Freak storm causes chaos

By Jean Christou

TORRENTIAL rains lashed Cyprus yesterday, causing chaos in Nicosia where flooding on some city streets reached a depth of up to one metre.

Emergency services said they clocked more than 300 calls in the two hours between 1.30pm and 3.30pm when the freak storm hit.

Police reported numerous minor accidents, power cuts, fallen trees, stranded motorists, and flooded basements in homes and shops.

The British High Commission was hit by lightning, cutting off electricity for several hours.

Severe hail showers also fell in Troodos, Platres and Agros.

A police spokesman said the worst hit areas of Nicosia were Aglandja, Kaimakli, Strovolos, Latsia, and Lakatamia, but the city centre did not escape the deluge.

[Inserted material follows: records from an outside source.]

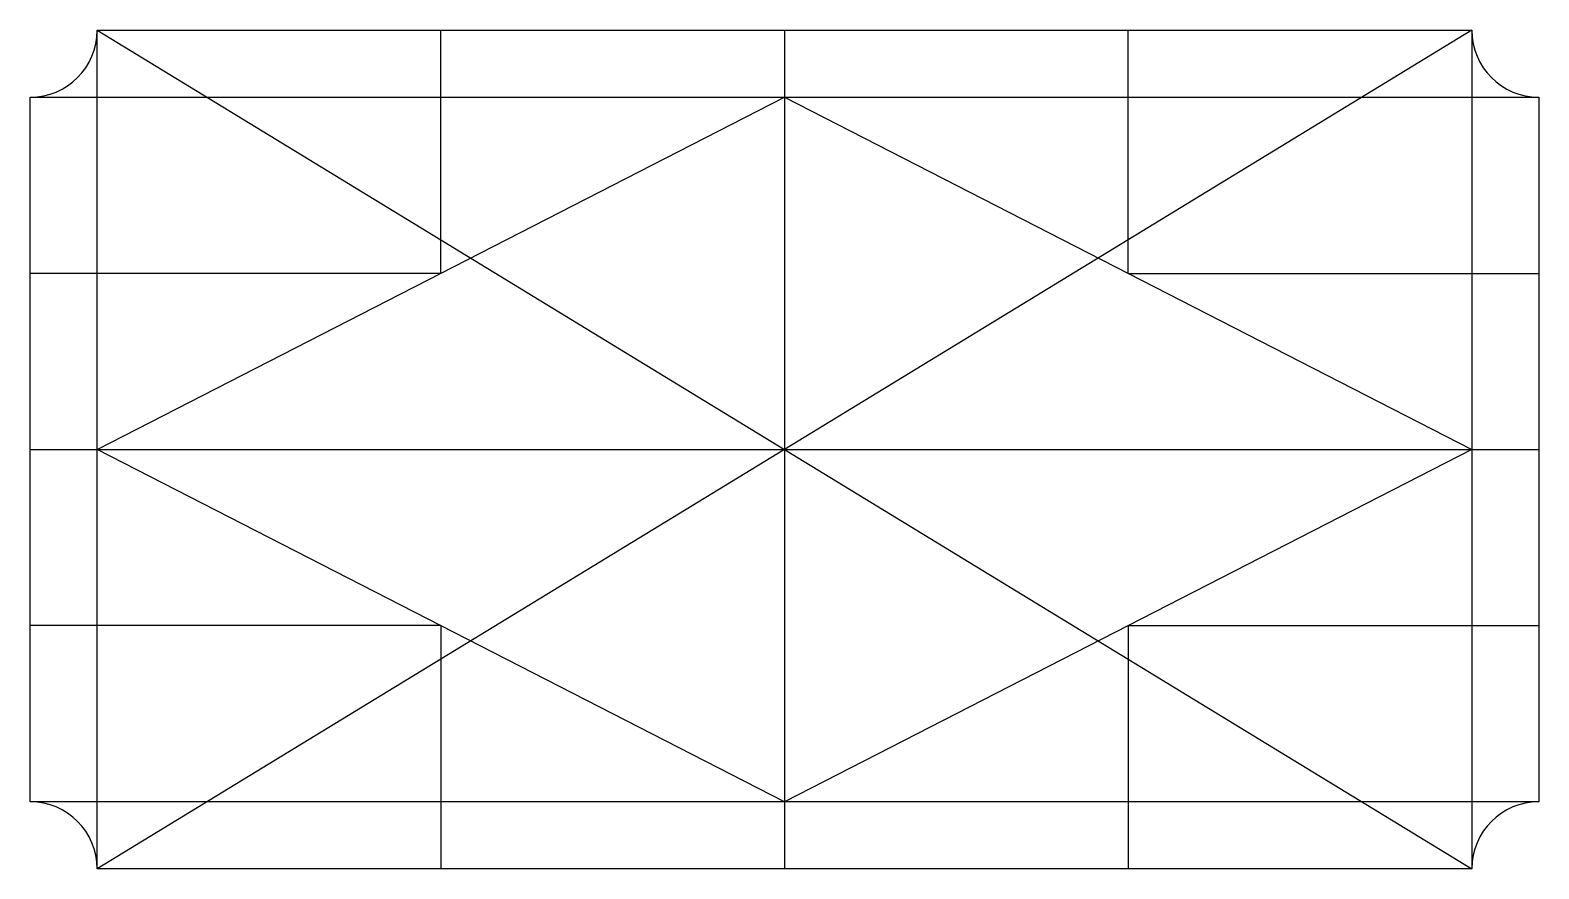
# Model space of a CAD drawing. Header units: millimetres. Extents: x 0 to 45, y 0 to 25.
import ezdxf

# ---------------------------------------------------------------- set-up
doc = ezdxf.new("R2010")
doc.units = ezdxf.units.MM
doc.layers.get('0').update_dxf_attribs({"lineweight": 25, "true_color": 0xffffff})

msp = doc.modelspace()

# ---------------------------------------------------------------- linework, layer by layer
for p, q in [((2, 25), (43, 25)), ((2, 0), (2, 25)), ((2, 25), (43, 0)), ((43, 25), (2, 0)), ((12.25, 17.75), (12.25, 25)), ((22.5, 25), (22.5, 0)), ((32.75, 17.75), (32.75, 25)), ((43, 25), (43, 0)), ((0, 2), (0, 23)), ((0, 23), (45, 23)), ((2, 12.5), (22.5, 23)), ((22.5, 23), (43, 12.5)), ((45, 23), (45, 2)), ((12.25, 17.75), (0, 17.75)), ((32.75, 17.75), (45, 17.75)), ((0, 12.5), (45, 12.5)), ((22.5, 2), (2, 12.5)), ((43, 12.5), (22.5, 2)), ((43, 12.5), (43, 12.5)), ((12.25, 7.25), (0, 7.25)), ((12.25, 7.25), (12.25, 0)), ((32.75, 7.25), (32.75, 0)), ((32.75, 7.25), (45, 7.25)), ((45, 2), (0, 2)), ((22.5, 2), (22.5, 2)), ((43, 0), (2, 0))]:
    msp.add_line(p, q)
for centre, start, end in [((0, 25), 270, 0), ((45, 25), 180, 270), ((0, 0), 360, 90), ((45, 0), 90, 180)]:
    msp.add_arc(centre, 2, start, end)

doc.saveas('drawing.dxf')

“You could have surfed down Nikis Avenue,” said one motorist whose car was almost submerged in the Acropolis area of the capital.

“I have never seen anything like it,” said another who was caught on the Nicosia-Limassol highway. “Visibility was only the length of the car in front and the hailstones were the size of small pebbles.”

He said dozens of cars had pulled off to the side of the highway to sit out the storm. “It was weird,” he said. “Some sections of the highway were completely dry.”

The motorist said that when he eventually reached Limassol the first thing he did was to check for damage to the paintwork on his car.

Met office director Cleanthis Philaniotis said the unusual stormy weather over the past week was because of accumulating humidity which causes instability at the hottest part of the day. “There is very low pressure prevailing over the East Mediterranean at the moment,” he said.

This has resulted in some “serious storms” in mountain regions over the past few days and one over Larnaca on Monday.

“It doesn’t happen every year. It might happen once every ten years,” he said.

Philaniotis said there may be further storms today but that by the end of the week the weather will have returned to normal for June.